When the fundamental nature of things is not recognized
the mind’s essential peace is disturbed to no avail.
The Way is perfect as vast space is perfect,
where nothing is lacking and nothing is in excess.
Indeed, it is due to our grasping and rejecting
that we do not know the true nature of things.
Live neither in the entanglements of outer things,
nor in ideas or feelings of emptiness.
Be serene and at one with things
and erroneous views will disappear by themselves.
When you try to stop activity to achieve quietude,
your very effort fills you with activity.
As long as you remain attached to one extreme or another
you will never know Oneness.
Those who do not live in the Single Way
cannot be free in either activity or quietude, in assertion or denial.

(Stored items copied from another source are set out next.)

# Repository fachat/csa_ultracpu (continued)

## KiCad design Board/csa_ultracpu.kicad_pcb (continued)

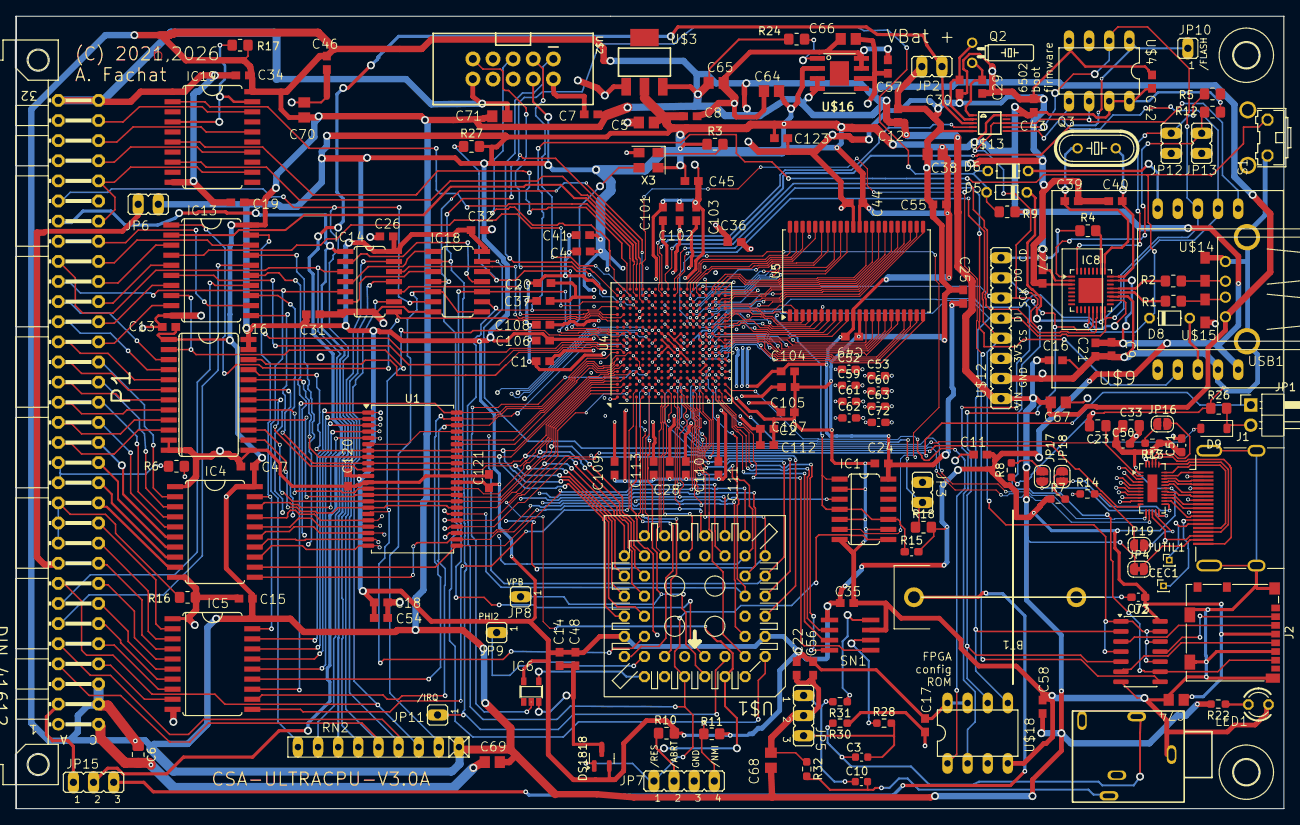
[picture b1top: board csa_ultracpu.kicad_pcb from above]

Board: 4 copper layers, 160.0 x 100.0 mm, 182 parts (0 on the bottom side), 253 nets.

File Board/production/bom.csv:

Designator,Footprint,Quantity,Value,LCSC Part #
"C1, C120, C123, C14, C4, C49, C54, C55, C56, C57, C9",C0603,11,1u,
"C10, C3",C050-025X075,2,1u,
"C101, C102, C103, C104, C105, C106, C107, C108, C109, C11, C110, C111, C112, C113, C12, C121, C13, C15, C16, C17, C18, C19, C2, C20, C21, C22, C24, C25, C26, C27, C28, C31, C32, C33, C34, C35, C36, C37, C41, C42, C43, C44, C45, C46, C47, C48, C58",C0603,47,0.1u,
"C29, C30, C39, C40",C0603,4,18p,
"C38, C5, C64, C65, C66, C67, C68, C69, C70, C71",C0805,10,22u,
C6,"E2,5-6",1,47u,
"C7, C8",C0603,2,100n,
"D1, D10, D2, D3, D4, D7",DO35-7,6,1N4148DO35-7,
"D5, D6, D8",D-5,3,1N4148,
D9,D-5,1,1N4448,
DS1818,TO92,1,DS1818,
"H3, H4","3,2",2,MOUNT-HOLE3.2,
"IC13, IC19",SO20W,2,74244DW,
IC14,SO14,1,74LVC14,
IC16,SO24L,1,74LVC8T245SO24,
IC18,SO14,1,74LVC06,
"IC2, IC4, IC5",SO20W,3,74HCT245DW,
IC3,SO14,1,74LVC125,
IC6,SOT23-5,1,741G04DBV,
IC7,SO16,1,74LVC138,
IC8,LQFP-32_5x5mm_P0.5mm,1,MAX3421E,
"JP1, JP12, JP13, JP2, JP3, JP4, JP6",JP1,7,JP1E,
"JP10, JP11, JP8, JP9",PIN,4,PIN,
JP5,JP2,1,JP2E,
JP7,JP4,1,JP4E,
LED1,LED3MM,1,LED3MM,
P1,CSABUS,1,CSABUS,
Q2,TC26H,1,32kHz,
Q3,HC49_S,1,12MHz,
"R1, R2, R4",0805,3,33,
"R10, R11, R12, R16, R17, R24, R25, R26, R27, R3, R5, R6, R9",0805,13,10k,
"R13, R14, R15",0204V,3,470,
"R18, R19, R20",0204V,3,1k,
R22,0207_2V,1,390,
"R28, R31",0204V,2,100,
R29,0207_2V,1,330,
"R30, R32",0204V,2,680,
"R7, R8",0204V,2,68,
RN2,RN-9,1,10k,
S1,B3F-31XX,1,31-XX,
SN1,SOIC8,1,MCP48X2,
U$1,PLCC44,1,W65C816SPLCC,
"U$10, U$11, U$14, U$15, U$5, U$6, U$8",SOD323,7,PESD5V0L1BA,
U$12,GRAVITECH-SDCARD,1,SD-CARD-GRAVI,
U$13,MSOP10,1,MCP79510,
U$16,PSOP-8-FIXED,1,AP2132B-1.2,
"U$18, U$4",DIL08,2,SPIFLASH,
U$2,TQFP144,1,XC6SLX9-TQG144,
U$3,SOT223,1,LDI1117,
U$7,FLAT10BOX,1,XILINXPROG,
U$9,ETHOLIENC,1,ETHOLIENC,
"U1, U2",TSOP-II-44_10.16x18.41mm_P0.8mm,2,IS61C5128AL-10TLI,
USB1,USB-A-H,1,USB-A-H,
X1,1503_09,1,SJ1-3513N,
X2,HDR15RA,1,D-SUB15-HDR15RA,
X3,Oscillator_SMD_SeikoEpson_SG8002CE-4Pin_3.2x2.5mm,1,SG-8002CE,

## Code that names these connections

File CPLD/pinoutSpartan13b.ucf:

#
# csa_ultracpu 1.3b
#
## NET VD<0>	LOC=P142 | IOSTANDARD=LVCMOS33 |PULLUP;
## NET VD<0>	LOC=P142 | IOSTANDARD=LVCMOS33 | DRIVE=16;

NET VD<0>	LOC=P47 | IOSTANDARD = LVTTL | TNM = "vd_tnm";	# RAMD0
NET VD<1>	LOC=P46 | IOSTANDARD = LVTTL | TNM = "vd_tnm";
NET VD<2>	LOC=P39 | IOSTANDARD = LVTTL | TNM = "vd_tnm";
NET VD<3>	LOC=P33 | IOSTANDARD = LVTTL | TNM = "vd_tnm";
NET VD<4>	LOC=P34 | IOSTANDARD = LVTTL | TNM = "vd_tnm";
NET VD<5>	LOC=P35 | IOSTANDARD = LVTTL | TNM = "vd_tnm";
NET VD<6>	LOC=P48 | IOSTANDARD = LVTTL | TNM = "vd_tnm";
NET VD<7>	LOC=P51 | IOSTANDARD = LVTTL | TNM = "vd_tnm";

NET VA<0>	LOC=P50 | IOSTANDARD = LVTTL;	# RAMA0
NET VA<1>	LOC=P55 | IOSTANDARD = LVTTL;
NET VA<2>	LOC=P58 | IOSTANDARD = LVTTL;
NET VA<3>	LOC=P60 | IOSTANDARD = LVTTL;	# RAMA3/M0
NET VA<4>	LOC=P61 | IOSTANDARD = LVTTL;
NET VA<5>	LOC=P66 | IOSTANDARD = LVTTL;	# RAMA5/VS1
NET VA<6>	LOC=P75 | IOSTANDARD = LVTTL;
NET VA<7>	LOC=P79 | IOSTANDARD = LVTTL;
NET VA<8>	LOC=P78 | IOSTANDARD = LVTTL;
NET VA<9>	LOC=P69 | IOSTANDARD = LVTTL;	# RAMA9/VS0
NET VA<10>	LOC=P57 | IOSTANDARD = LVTTL;
NET VA<11>	LOC=P62 | IOSTANDARD = LVTTL;	# RAMA11/VS2
NET VA<12>	LOC=P81 | IOSTANDARD = LVTTL;
NET VA<13>	LOC=P80 | IOSTANDARD = LVTTL;
NET VA<14>	LOC=P83 | IOSTANDARD = LVTTL;
NET VA<15>	LOC=P87 | IOSTANDARD = LVTTL;
NET VA<16>	LOC=P85 | IOSTANDARD = LVTTL;
NET VA<17>	LOC=P84 | IOSTANDARD = LVTTL;
NET VA<18>	LOC=P88 | IOSTANDARD = LVTTL;

NET FA<15>	LOC=P140 | IOSTANDARD = LVTTL;	# FA15
NET FA<16>	LOC=P141 | IOSTANDARD = LVTTL;
NET FA<17>	LOC=P143 | IOSTANDARD = LVTTL;
NET FA<18>	LOC=P144 | IOSTANDARD = LVTTL;	# FA18/HSWAP
NET FA<19>	LOC=P101 | IOSTANDARD = LVTTL;

NET D<0>	LOC=P2 | IOSTANDARD = LVTTL | TNM = "d_tnm";		# D0
NET D<1>	LOC=P1 | IOSTANDARD = LVTTL | TNM = "d_tnm";
NET D<2>	LOC=P14 | IOSTANDARD = LVTTL | TNM = "d_tnm";
NET D<3>	LOC=P5 | IOSTANDARD = LVTTL | TNM = "d_tnm";
NET D<4>	LOC=P12 | IOSTANDARD = LVTTL | TNM = "d_tnm";
NET D<5>	LOC=P8 | IOSTANDARD = LVTTL | TNM = "d_tnm";
NET D<6>	LOC=P9 | IOSTANDARD = LVTTL | TNM = "d_tnm";
NET D<7>	LOC=P6 | IOSTANDARD = LVTTL | TNM = "d_tnm";

NET A<0>	LOC=P17 | IOSTANDARD = LVTTL;	# A0
NET A<1>	LOC=P56 | IOSTANDARD = LVTTL;
NET A<2>	LOC=P45 | IOSTANDARD = LVTTL;
NET A<3>	LOC=P43 | IOSTANDARD = LVTTL;
NET A<4>	LOC=P44 | IOSTANDARD = LVTTL;
NET A<5>	LOC=P40 | IOSTANDARD = LVTTL;
NET A<6>	LOC=P41 | IOSTANDARD = LVTTL;
NET A<7>	LOC=P26 | IOSTANDARD = LVTTL;
NET A<8>	LOC=P30 | IOSTANDARD = LVTTL;
NET A<9>	LOC=P10 | IOSTANDARD = LVTTL;
NET A<10>	LOC=P11 | IOSTANDARD = LVTTL;
NET A<11>	LOC=P142 | IOSTANDARD = LVTTL;
NET A<12>	LOC=P127 | IOSTANDARD = LVTTL;
NET A<13>	LOC=P139 | IOSTANDARD = LVTTL;
NET A<14>	LOC=P119 | IOSTANDARD = LVTTL;
NET A<15>	LOC=P131 | IOSTANDARD = LVTTL;

NET VPA		LOC=P24 | IOSTANDARD = LVTTL;	# VPA
NET VDA		LOC=P22 | IOSTANDARD = LVTTL;	# VDA

NET NIOSEL	LOC=P134 | IOSTANDARD = LVTTL;	# /IOSEL

NET NVRAMSEL	LOC=P59 | IOSTANDARD = LVTTL;	# /RAMCS/M1
NET NFRAMSEL	LOC=P120 | IOSTANDARD = LVTTL;	# /FRAMSEL
NET RAMRWB	LOC=P82 | IOSTANDARD = LVTTL;	# /RAMWE

NET GRAPHIC	LOC=P137 | IOSTANDARD = LVTTL;	# GRAPHIC

NET HSYNC	LOC=P99 | IOSTANDARD = LVTTL;	# HSYNC
NET VSYNC	LOC=P98 | IOSTANDARD = LVTTL;	# VSYNC
NET PET_VSYNC	LOC=P92 | IOSTANDARD = LVTTL;	# PET_VSYNC

NET Q50M	LOC=P123 | IOSTANDARD = LVTTL;	# 50M
NET Q50M	BUFG=CLK;
NET Q50M 	PERIOD=20;

#NET DBG		LOC=P137 | IOSTANDARD = LVTTL;
NET RWB		LOC=P124 | IOSTANDARD = LVTTL;	#LOC=P134;	# R/-W
NET NRES	LOC=P117 | IOSTANDARD = LVTTL;	# /RES
NET NRES	BUFG=SR;

NET NIRQ 	LOC=P23 | IOSTANDARD = LVTTL;

#NET MLB		LOC=P21 | IOSTANDARD = LVTTL;
NET VPB			LOC=P7 | IOSTANDARD = LVTTL;
NET E			LOC=P21 | IOSTANDARD = LVTTL;
#NET MX			LOC=P24 | IOSTANDARD = LVTTL;

NET PHI2		LOC=P126 | IOSTANDARD = LVTTL;

NET RDY			LOC=P32 | IOSTANDARD = LVTTL;

NET EXTIO		LOC=P115 | IOSTANDARD = LVTTL;
NET IOINH		LOC=P111 | IOSTANDARD = LVTTL;
NET NMEMSEL		LOC=P112 | IOSTANDARD = LVTTL;
NET nbe_out		LOC=P132 | IOSTANDARD = LVTTL;	# /BE_OUT
NET nbe_dout		LOC=P133 | IOSTANDARD = LVTTL;	# /BE_DOUT
NET be_in		LOC=P118 | IOSTANDARD = LVTTL;
NET SYNC		LOC=P121 | IOSTANDARD = LVTTL;

NET CPHI2		LOC=P114 | IOSTANDARD = LVTTL;
NET C2PHI2		LOC=P104 | IOSTANDARD = LVTTL;
NET C8PHI2		LOC=P102 | IOSTANDARD = LVTTL;

NET PXL_OUT<0>		LOC=P93 | IOSTANDARD = LVTTL | PERIOD=40;	# IBOUT
NET PXL_OUT<1>		LOC=P94 | IOSTANDARD = LVTTL | PERIOD=40;	# BOUT
NET PXL_OUT<2>		LOC=P74 | IOSTANDARD = LVTTL | PERIOD=40;	# IGOUT
NET PXL_OUT<3>		LOC=P95 | IOSTANDARD = LVTTL | PERIOD=40;	# GOUT
NET PXL_OUT<4>		LOC=P105 | IOSTANDARD = LVTTL | PERIOD=40;	# IROUT
NET PXL_OUT<5>		LOC=P97 | IOSTANDARD = LVTTL | PERIOD=40;	# ROUT

NET SPI_SELA		LOC=P38 | IOSTANDARD = LVTTL;	# SPISELA/CSO_B
NET SPI_SELB		LOC=P29 | IOSTANDARD = LVTTL;
NET SPI_SELC		LOC=P27 | IOSTANDARD = LVTTL;

NET SPI_OUT		LOC=P64 | IOSTANDARD = LVTTL;	# SPI_MOSI
NET SPI_CLK		LOC=P100 | IOSTANDARD = LVTTL;	# SPI_CLK/CCLK
NET SPI_IN1		LOC=P65 | IOSTANDARD = LVTTL; # | PULLUP;	# SPI_MISO/DIN

NET SPI_IN3		LOC=P67 | IOSTANDARD = LVTTL | PULLUP;

NET SPI_NAUDIO		LOC=P116 | IOSTANDARD = LVTTL;
NET SPI_ACLK		LOC=P16 | IOSTANDARD = LVTTL;
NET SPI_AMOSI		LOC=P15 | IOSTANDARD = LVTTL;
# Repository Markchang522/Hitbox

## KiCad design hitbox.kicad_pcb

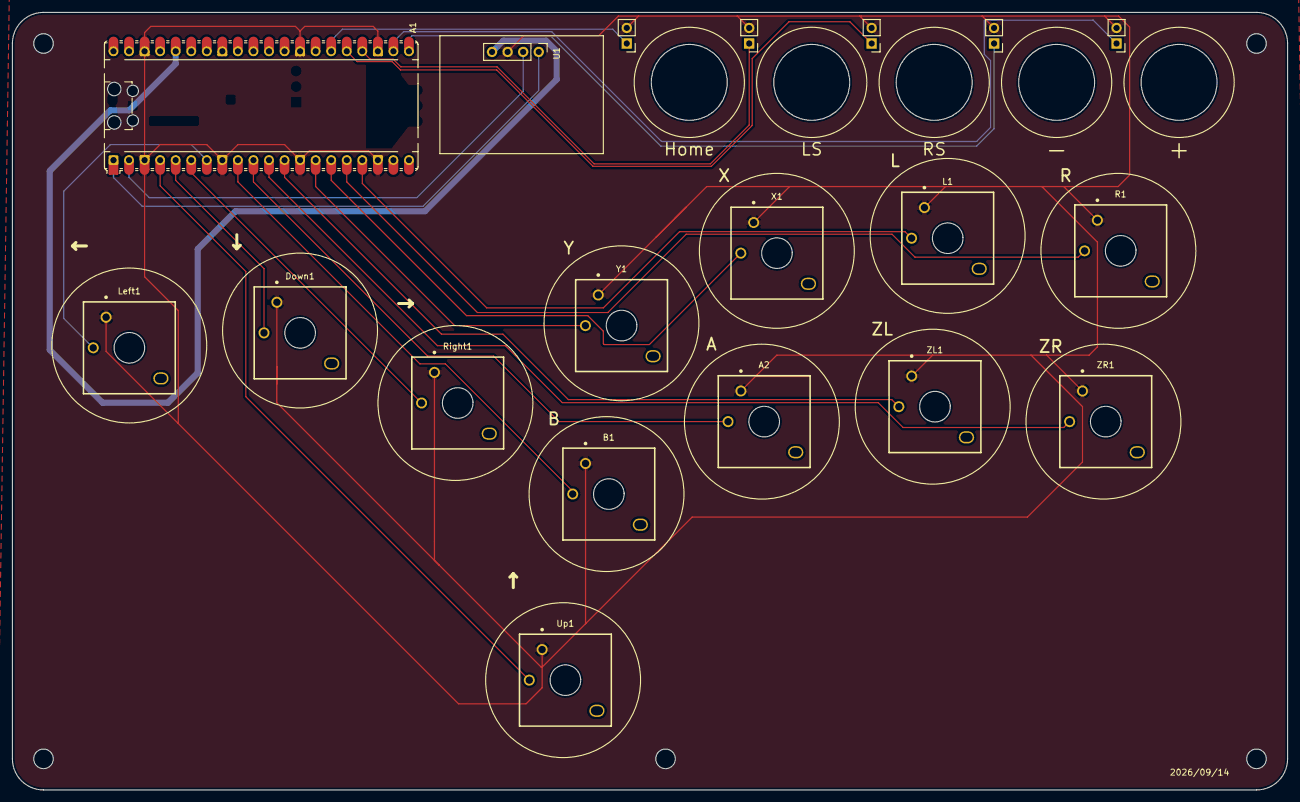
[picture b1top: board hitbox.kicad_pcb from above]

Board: 2 copper layers, 208.3 x 127.0 mm, 19 parts (0 on the bottom side), 21 nets.

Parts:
+: HBDGQ12B; PinHeader_1x02_P2.54mm_Vertical
-: HBDGQ12B; PinHeader_1x02_P2.54mm_Vertical
A1: RaspberryPi_Pico; RaspberryPi_Pico_Common_Unspecified
A2: cpg135301d02
B1: cpg135301d02
Down1: cpg135301d02
Home: HBDGQ12B; PinHeader_1x02_P2.54mm_Vertical
L1: cpg135301d02
LS: HBDGQ12B; PinHeader_1x02_P2.54mm_Vertical
Left1: cpg135301d02
R1: cpg135301d02
RS: HBDGQ12B; PinHeader_1x02_P2.54mm_Vertical
Right1: cpg135301d02
U1: ER_OLEDM0.91_1x-I2C; PinHeader_1x04_P2.54mm_Vertical
Up1: cpg135301d02
X1: cpg135301d02
Y1: cpg135301d02
ZL1: cpg135301d02
ZR1: cpg135301d02

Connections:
GND: +.2, -.2, A1.3 (GND), A1.8 (GND), A1.13 (GND), A1.18 (GND), A1.23 (GND), A1.28 (GND), A1.38 (GND), A2.1, B1.1, Down1.1, Home.2, L1.1, LS.2, Left1.1, R1.1, RS.2, Right1.1, U1.1 (GND), Up1.1, X1.1, Y1.1, ZL1.1, ZR1.1
unnamed: A1.36 (3V3), U1.2 (VCC)
unnamed: A1.1 (GPIO0), U1.4 (SDA)
unnamed: A1.2 (GPIO1), U1.3 (SCL)
unnamed: A1.4 (GPIO2), Up1.2
unnamed: A1.5 (GPIO3), Down1.2
unnamed: A1.6 (GPIO4), Right1.2
unnamed: A1.7 (GPIO5), Left1.2
unnamed: A1.9 (GPIO6), B1.2
unnamed: A1.10 (GPIO7), A2.2
unnamed: A1.11 (GPIO8), ZR1.2
unnamed: A1.12 (GPIO9), ZL1.2
unnamed: A1.14 (GPIO10), Y1.2
unnamed: A1.15 (GPIO11), X1.2
unnamed: A1.16 (GPIO12), R1.2
unnamed: A1.17 (GPIO13), L1.2
unnamed: -.1, A1.21 (GPIO16)
unnamed: +.1, A1.22 (GPIO17)
unnamed: A1.24 (GPIO18), LS.1
unnamed: A1.25 (GPIO19), RS.1
unnamed: A1.26 (GPIO20), Home.1
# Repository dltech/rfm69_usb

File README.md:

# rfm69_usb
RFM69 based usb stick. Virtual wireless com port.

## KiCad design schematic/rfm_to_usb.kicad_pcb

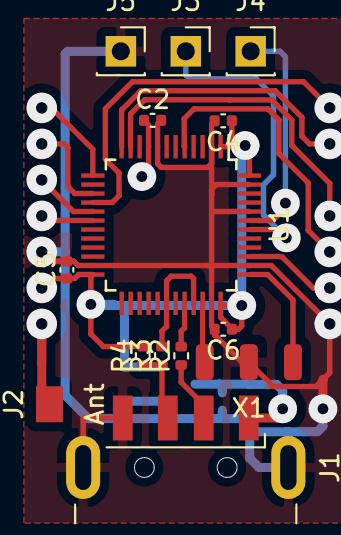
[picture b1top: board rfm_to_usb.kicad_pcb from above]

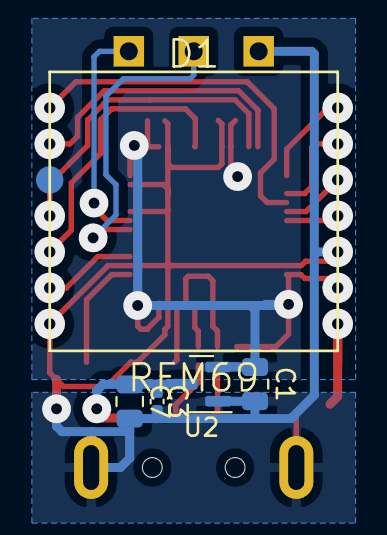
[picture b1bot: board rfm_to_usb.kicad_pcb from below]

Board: 2 copper layers, 19 parts (5 on the bottom side), 21 nets.

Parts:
C1, C7: 10uF; C_0805_2012Metric
C2, C3, C4, C5, C6: 0.1uF; C_0402_1005Metric
D1: RFM69
J1: USB_A; USB_A_CNCTech_1001-011-01101_Horizontal
J2: Ant; pin_smd
J3: UART_TX; PinSocket_1x01_P2.54mm_Vertical
J4: UART_RX; PinSocket_1x01_P2.54mm_Vertical
J5: GND; PinSocket_1x01_P2.54mm_Vertical
R2, R3: 22R; R_0402_1005Metric
R4: 1.5k; R_0402_1005Metric
U1: STM32F103C8; TQFP-48_7x7mm_P0.5mm
U2: XC6206-33; SOT-23
X1: SWD_CON; 3WIRE_PADS

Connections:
+3V3: C1.1, C2.1, C4.1, C5.1, C6.1, D1.2, R4.2, U1.1, U1.9, U1.24, U1.36, U1.48, U2.2
+5V: C3.1, C7.1, J1.1, U2.3
/DIO0: D1.9, U1.12
/DIO1: D1.11, U1.11
/MISO: D1.8, U1.16
/MOSI: D1.5, U1.17
/NSS: D1.7, U1.13
/SCK: D1.6, U1.15
GND: C1.2, C2.2, C3.2, C4.2, C5.2, C6.2, C7.2, D1.3, D1.14, J1.4, J1.5, J5.1, U1.2, U1.8, U1.23, U1.35, U1.38, U1.44, U1.47, U2.1, X1.2
unnamed: D1.1, J2.1
unnamed: D1.4, U1.18
unnamed: D1.12, U1.5
unnamed: D1.13, U1.39
unnamed: J1.2, R2.1
unnamed: J1.3, R3.1, R4.1
unnamed: J3.1, U1.42
unnamed: J4.1, U1.43
unnamed: R2.2, U1.32
unnamed: R3.2, U1.30, U1.33
unnamed: U1.34, X1.3
unnamed: U1.37, X1.1

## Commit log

2021-06-09 new schematic, old code
2021-06-09 photo
2021-06-09 ридми
2021-06-10 err in pcb
2022-03-06 add uart, 2.8 mm lenght
2022-05-03 makefile build
2022-05-03 prety make
2022-05-04 cubeide build

Deny the reality of things
and you miss their reality;
assert the emptiness of things
and you miss their reality.
The more you talk and think about it
the further you wander from the truth.
So cease attachment to talking and thinking,
and there is nothing you will not be able to know.
To return to the root is to find the essence,
but to pursue appearances or “enlightenment” is to miss the source.
To awaken even for a moment
is to go beyond appearance and emptiness.
Changes that seem to occur in the empty world
we make real only because of our ignorance.
Do not seek for the truth;
Only cease to cherish opinions.
Do not remain in a dualistic state;
avoid such easy habits carefully.
If you attach even to a trace
of this and that, of right and wrong,
the Mind-essence will be lost in confusion.
Although all dualities arise from the One,
do not be attached even to ideas of this One.
When the mind exists undisturbed in the Way,
there is no objection to anything in the world;
and when there is no objection to anything,
things cease to be— in the old way.
When no discriminating attachment arises,
the old mind ceases to exist.
Let go of things as separate existences
and mind too vanishes.
Likewise when the thinking subject vanishes
so too do the objects created by mind.
The arising of other gives rise to self;
giving rise to self generates others.
Know these seeming two as facets
of the One Fundamental Reality.
In this Emptiness, these two are really one—
and each contains all phenomena.
If not comparing, nor attached to “refined” and “vulgar”—
you will not fall into judgment and opinion.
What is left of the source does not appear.